++++ Extracted data

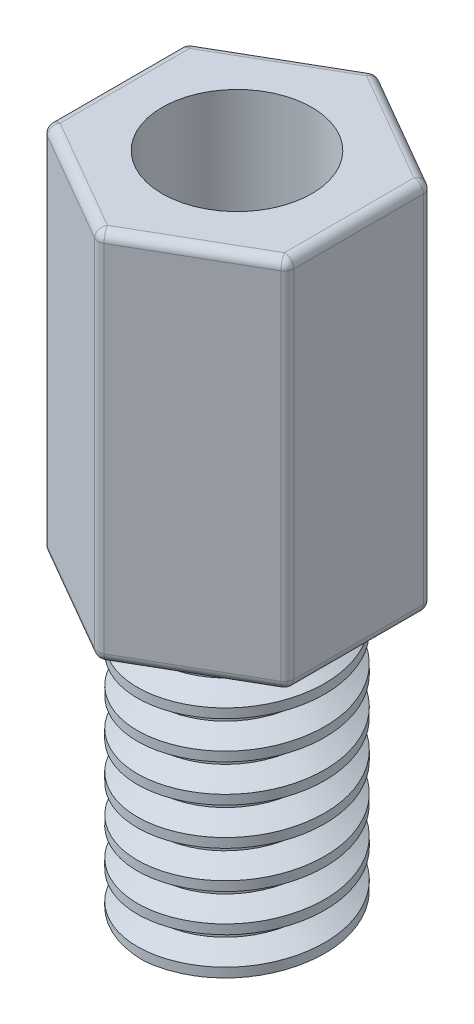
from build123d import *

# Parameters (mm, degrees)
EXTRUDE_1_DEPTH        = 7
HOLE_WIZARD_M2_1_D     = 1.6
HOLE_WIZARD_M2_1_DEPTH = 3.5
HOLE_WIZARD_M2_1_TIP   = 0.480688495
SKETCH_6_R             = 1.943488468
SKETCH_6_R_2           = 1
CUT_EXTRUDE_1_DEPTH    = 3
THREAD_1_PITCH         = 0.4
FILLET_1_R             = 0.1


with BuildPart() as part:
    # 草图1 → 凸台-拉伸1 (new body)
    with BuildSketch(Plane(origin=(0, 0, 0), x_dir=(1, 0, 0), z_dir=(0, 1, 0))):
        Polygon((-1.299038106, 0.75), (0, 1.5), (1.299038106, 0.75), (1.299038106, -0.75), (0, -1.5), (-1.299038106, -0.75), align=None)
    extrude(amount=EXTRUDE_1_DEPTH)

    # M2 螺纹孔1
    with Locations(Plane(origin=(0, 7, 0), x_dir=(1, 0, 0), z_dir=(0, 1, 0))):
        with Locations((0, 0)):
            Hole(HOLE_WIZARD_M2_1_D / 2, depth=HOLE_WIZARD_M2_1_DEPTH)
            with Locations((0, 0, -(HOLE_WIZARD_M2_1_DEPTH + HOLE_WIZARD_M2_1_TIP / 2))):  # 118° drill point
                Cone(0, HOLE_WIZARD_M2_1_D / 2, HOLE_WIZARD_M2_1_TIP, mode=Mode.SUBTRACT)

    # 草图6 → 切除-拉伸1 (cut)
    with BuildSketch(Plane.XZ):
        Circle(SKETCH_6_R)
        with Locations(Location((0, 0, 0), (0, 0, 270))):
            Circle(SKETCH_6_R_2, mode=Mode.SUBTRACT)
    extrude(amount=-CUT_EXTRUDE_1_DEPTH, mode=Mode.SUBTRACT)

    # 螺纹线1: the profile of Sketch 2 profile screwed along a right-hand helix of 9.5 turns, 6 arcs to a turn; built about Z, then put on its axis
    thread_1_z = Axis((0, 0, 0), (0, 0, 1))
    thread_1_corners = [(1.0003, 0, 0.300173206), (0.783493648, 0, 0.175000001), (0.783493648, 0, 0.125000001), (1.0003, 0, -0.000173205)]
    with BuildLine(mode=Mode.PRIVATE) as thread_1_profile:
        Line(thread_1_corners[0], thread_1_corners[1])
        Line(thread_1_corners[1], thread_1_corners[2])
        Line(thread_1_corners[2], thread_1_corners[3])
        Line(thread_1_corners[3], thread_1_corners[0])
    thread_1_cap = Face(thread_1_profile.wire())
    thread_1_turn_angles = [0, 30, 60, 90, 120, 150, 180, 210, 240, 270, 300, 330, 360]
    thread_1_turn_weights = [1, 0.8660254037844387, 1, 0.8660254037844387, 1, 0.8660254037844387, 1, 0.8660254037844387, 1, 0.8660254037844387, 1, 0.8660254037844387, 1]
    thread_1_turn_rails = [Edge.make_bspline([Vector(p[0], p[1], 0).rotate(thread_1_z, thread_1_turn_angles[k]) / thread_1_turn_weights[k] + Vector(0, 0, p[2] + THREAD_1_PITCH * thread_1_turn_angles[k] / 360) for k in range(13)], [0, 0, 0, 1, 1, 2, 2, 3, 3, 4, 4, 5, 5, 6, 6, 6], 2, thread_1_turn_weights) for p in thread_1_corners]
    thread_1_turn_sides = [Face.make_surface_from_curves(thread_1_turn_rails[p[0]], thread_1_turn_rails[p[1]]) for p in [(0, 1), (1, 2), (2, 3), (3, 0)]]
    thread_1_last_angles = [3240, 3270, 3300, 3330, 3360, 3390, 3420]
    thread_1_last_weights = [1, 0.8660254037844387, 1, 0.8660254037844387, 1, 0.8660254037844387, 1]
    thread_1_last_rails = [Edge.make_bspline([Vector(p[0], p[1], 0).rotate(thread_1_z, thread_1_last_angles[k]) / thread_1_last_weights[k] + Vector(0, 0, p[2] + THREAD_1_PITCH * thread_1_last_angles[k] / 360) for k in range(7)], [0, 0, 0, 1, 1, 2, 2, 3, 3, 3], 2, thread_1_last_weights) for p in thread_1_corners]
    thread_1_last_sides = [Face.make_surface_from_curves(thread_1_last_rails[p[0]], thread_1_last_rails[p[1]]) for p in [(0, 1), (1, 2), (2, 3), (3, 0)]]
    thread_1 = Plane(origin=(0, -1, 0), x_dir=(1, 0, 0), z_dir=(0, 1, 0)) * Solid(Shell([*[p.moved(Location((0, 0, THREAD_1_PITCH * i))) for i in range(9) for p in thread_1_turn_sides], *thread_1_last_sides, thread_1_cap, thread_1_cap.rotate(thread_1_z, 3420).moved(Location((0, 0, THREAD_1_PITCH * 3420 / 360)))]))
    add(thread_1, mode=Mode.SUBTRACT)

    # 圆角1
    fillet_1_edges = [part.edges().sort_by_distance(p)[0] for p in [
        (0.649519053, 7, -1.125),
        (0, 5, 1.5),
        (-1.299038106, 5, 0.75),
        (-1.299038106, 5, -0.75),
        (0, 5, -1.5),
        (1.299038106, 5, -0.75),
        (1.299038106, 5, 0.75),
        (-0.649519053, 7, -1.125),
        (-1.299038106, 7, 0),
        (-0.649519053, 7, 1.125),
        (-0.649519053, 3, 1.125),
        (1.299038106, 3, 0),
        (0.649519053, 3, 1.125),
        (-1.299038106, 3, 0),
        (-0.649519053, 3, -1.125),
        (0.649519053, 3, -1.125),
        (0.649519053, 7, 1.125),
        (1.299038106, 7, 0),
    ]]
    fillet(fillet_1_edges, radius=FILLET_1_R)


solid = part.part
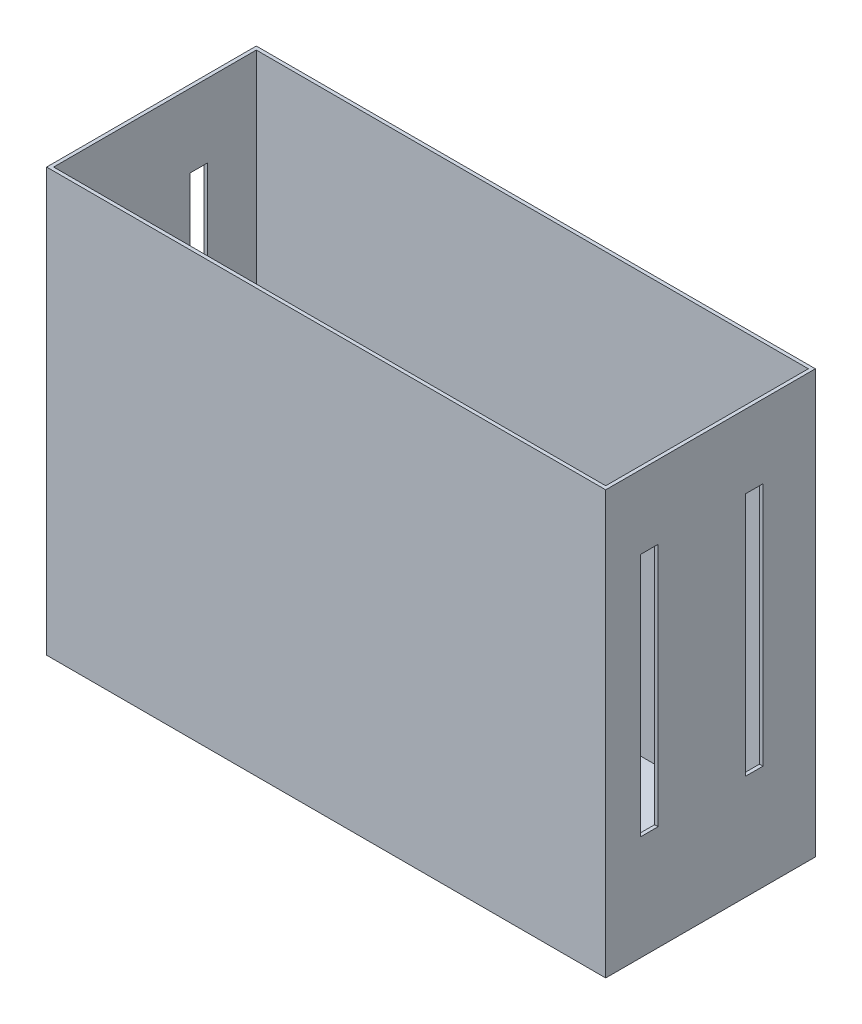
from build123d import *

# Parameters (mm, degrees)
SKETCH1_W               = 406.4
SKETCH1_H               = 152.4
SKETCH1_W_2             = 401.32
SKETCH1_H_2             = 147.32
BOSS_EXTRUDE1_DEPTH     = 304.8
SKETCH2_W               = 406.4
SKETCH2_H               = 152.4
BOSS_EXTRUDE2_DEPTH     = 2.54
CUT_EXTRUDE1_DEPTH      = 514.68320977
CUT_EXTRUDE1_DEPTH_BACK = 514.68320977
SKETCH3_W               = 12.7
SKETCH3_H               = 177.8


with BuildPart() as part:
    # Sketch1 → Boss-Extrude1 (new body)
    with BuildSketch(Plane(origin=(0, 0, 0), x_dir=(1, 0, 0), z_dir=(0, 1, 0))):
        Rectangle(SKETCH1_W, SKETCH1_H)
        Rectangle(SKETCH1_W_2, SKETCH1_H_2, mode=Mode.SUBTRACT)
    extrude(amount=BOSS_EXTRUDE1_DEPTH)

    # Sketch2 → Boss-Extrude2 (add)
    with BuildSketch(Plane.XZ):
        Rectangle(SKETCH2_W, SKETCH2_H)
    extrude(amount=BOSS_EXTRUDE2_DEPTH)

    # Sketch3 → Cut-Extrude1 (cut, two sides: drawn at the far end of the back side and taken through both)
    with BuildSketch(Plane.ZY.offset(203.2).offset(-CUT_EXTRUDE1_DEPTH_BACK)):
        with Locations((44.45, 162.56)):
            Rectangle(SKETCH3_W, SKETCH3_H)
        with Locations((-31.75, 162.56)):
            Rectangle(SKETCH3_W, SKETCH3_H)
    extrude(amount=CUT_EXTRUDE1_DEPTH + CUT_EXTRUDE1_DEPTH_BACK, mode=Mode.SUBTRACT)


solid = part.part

++++++++

What to do -
Please copy the lines above exactly as written, apart from any pictures.

Task output -
from build123d import *

# Parameters (mm, degrees)
EXTRUDE_1_DEPTH        = 7
HOLE_WIZARD_M2_1_D     = 1.6
HOLE_WIZARD_M2_1_DEPTH = 3.5
HOLE_WIZARD_M2_1_TIP   = 0.480688495
SKETCH_6_R             = 1.943488468
SKETCH_6_R_2           = 1
CUT_EXTRUDE_1_DEPTH    = 3
THREAD_1_PITCH         = 0.4
FILLET_1_R             = 0.1


with BuildPart() as part:
    # 草图1 → 凸台-拉伸1 (new body)
    with BuildSketch(Plane(origin=(0, 0, 0), x_dir=(1, 0, 0), z_dir=(0, 1, 0))):
        Polygon((-1.299038106, 0.75), (0, 1.5), (1.299038106, 0.75), (1.299038106, -0.75), (0, -1.5), (-1.299038106, -0.75), align=None)
    extrude(amount=EXTRUDE_1_DEPTH)

    # M2 螺纹孔1
    with Locations(Plane(origin=(0, 7, 0), x_dir=(1, 0, 0), z_dir=(0, 1, 0))):
        with Locations((0, 0)):
            Hole(HOLE_WIZARD_M2_1_D / 2, depth=HOLE_WIZARD_M2_1_DEPTH)
            with Locations((0, 0, -(HOLE_WIZARD_M2_1_DEPTH + HOLE_WIZARD_M2_1_TIP / 2))):  # 118° drill point
                Cone(0, HOLE_WIZARD_M2_1_D / 2, HOLE_WIZARD_M2_1_TIP, mode=Mode.SUBTRACT)

    # 草图6 → 切除-拉伸1 (cut)
    with BuildSketch(Plane.XZ):
        Circle(SKETCH_6_R)
        with Locations(Location((0, 0, 0), (0, 0, 270))):
            Circle(SKETCH_6_R_2, mode=Mode.SUBTRACT)
    extrude(amount=-CUT_EXTRUDE_1_DEPTH, mode=Mode.SUBTRACT)

    # 螺纹线1: the profile of Sketch 2 profile screwed along a right-hand helix of 9.5 turns, 6 arcs to a turn; built about Z, then put on its axis
    thread_1_z = Axis((0, 0, 0), (0, 0, 1))
    thread_1_corners = [(1.0003, 0, 0.300173206), (0.783493648, 0, 0.175000001), (0.783493648, 0, 0.125000001), (1.0003, 0, -0.000173205)]
    with BuildLine(mode=Mode.PRIVATE) as thread_1_profile:
        Line(thread_1_corners[0], thread_1_corners[1])
        Line(thread_1_corners[1], thread_1_corners[2])
        Line(thread_1_corners[2], thread_1_corners[3])
        Line(thread_1_corners[3], thread_1_corners[0])
    thread_1_cap = Face(thread_1_profile.wire())
    thread_1_turn_angles = [0, 30, 60, 90, 120, 150, 180, 210, 240, 270, 300, 330, 360]
    thread_1_turn_weights = [1, 0.8660254037844387, 1, 0.8660254037844387, 1, 0.8660254037844387, 1, 0.8660254037844387, 1, 0.8660254037844387, 1, 0.8660254037844387, 1]
    thread_1_turn_rails = [Edge.make_bspline([Vector(p[0], p[1], 0).rotate(thread_1_z, thread_1_turn_angles[k]) / thread_1_turn_weights[k] + Vector(0, 0, p[2] + THREAD_1_PITCH * thread_1_turn_angles[k] / 360) for k in range(13)], [0, 0, 0, 1, 1, 2, 2, 3, 3, 4, 4, 5, 5, 6, 6, 6], 2, thread_1_turn_weights) for p in thread_1_corners]
    thread_1_turn_sides = [Face.make_surface_from_curves(thread_1_turn_rails[p[0]], thread_1_turn_rails[p[1]]) for p in [(0, 1), (1, 2), (2, 3), (3, 0)]]
    thread_1_last_angles = [3240, 3270, 3300, 3330, 3360, 3390, 3420]
    thread_1_last_weights = [1, 0.8660254037844387, 1, 0.8660254037844387, 1, 0.8660254037844387, 1]
    thread_1_last_rails = [Edge.make_bspline([Vector(p[0], p[1], 0).rotate(thread_1_z, thread_1_last_angles[k]) / thread_1_last_weights[k] + Vector(0, 0, p[2] + THREAD_1_PITCH * thread_1_last_angles[k] / 360) for k in range(7)], [0, 0, 0, 1, 1, 2, 2, 3, 3, 3], 2, thread_1_last_weights) for p in thread_1_corners]
    thread_1_last_sides = [Face.make_surface_from_curves(thread_1_last_rails[p[0]], thread_1_last_rails[p[1]]) for p in [(0, 1), (1, 2), (2, 3), (3, 0)]]
    thread_1 = Plane(origin=(0, -1, 0), x_dir=(1, 0, 0), z_dir=(0, 1, 0)) * Solid(Shell([*[p.moved(Location((0, 0, THREAD_1_PITCH * i))) for i in range(9) for p in thread_1_turn_sides], *thread_1_last_sides, thread_1_cap, thread_1_cap.rotate(thread_1_z, 3420).moved(Location((0, 0, THREAD_1_PITCH * 3420 / 360)))]))
    add(thread_1, mode=Mode.SUBTRACT)

    # 圆角1
    fillet_1_edges = [part.edges().sort_by_distance(p)[0] for p in [
        (0.649519053, 7, -1.125),
        (0, 5, 1.5),
        (-1.299038106, 5, 0.75),
        (-1.299038106, 5, -0.75),
        (0, 5, -1.5),
        (1.299038106, 5, -0.75),
        (1.299038106, 5, 0.75),
        (-0.649519053, 7, -1.125),
        (-1.299038106, 7, 0),
        (-0.649519053, 7, 1.125),
        (-0.649519053, 3, 1.125),
        (1.299038106, 3, 0),
        (0.649519053, 3, 1.125),
        (-1.299038106, 3, 0),
        (-0.649519053, 3, -1.125),
        (0.649519053, 3, -1.125),
        (0.649519053, 7, 1.125),
        (1.299038106, 7, 0),
    ]]
    fillet(fillet_1_edges, radius=FILLET_1_R)


solid = part.part
from build123d import *

# Parameters (mm, degrees)
SKETCH1_W               = 406.4
SKETCH1_H               = 152.4
SKETCH1_W_2             = 401.32
SKETCH1_H_2             = 147.32
BOSS_EXTRUDE1_DEPTH     = 304.8
SKETCH2_W               = 406.4
SKETCH2_H               = 152.4
BOSS_EXTRUDE2_DEPTH     = 2.54
CUT_EXTRUDE1_DEPTH      = 514.68320977
CUT_EXTRUDE1_DEPTH_BACK = 514.68320977
SKETCH3_W               = 12.7
SKETCH3_H               = 177.8


with BuildPart() as part:
    # Sketch1 → Boss-Extrude1 (new body)
    with BuildSketch(Plane(origin=(0, 0, 0), x_dir=(1, 0, 0), z_dir=(0, 1, 0))):
        Rectangle(SKETCH1_W, SKETCH1_H)
        Rectangle(SKETCH1_W_2, SKETCH1_H_2, mode=Mode.SUBTRACT)
    extrude(amount=BOSS_EXTRUDE1_DEPTH)

    # Sketch2 → Boss-Extrude2 (add)
    with BuildSketch(Plane.XZ):
        Rectangle(SKETCH2_W, SKETCH2_H)
    extrude(amount=BOSS_EXTRUDE2_DEPTH)

    # Sketch3 → Cut-Extrude1 (cut, two sides: drawn at the far end of the back side and taken through both)
    with BuildSketch(Plane.ZY.offset(203.2).offset(-CUT_EXTRUDE1_DEPTH_BACK)):
        with Locations((44.45, 162.56)):
            Rectangle(SKETCH3_W, SKETCH3_H)
        with Locations((-31.75, 162.56)):
            Rectangle(SKETCH3_W, SKETCH3_H)
    extrude(amount=CUT_EXTRUDE1_DEPTH + CUT_EXTRUDE1_DEPTH_BACK, mode=Mode.SUBTRACT)


solid = part.part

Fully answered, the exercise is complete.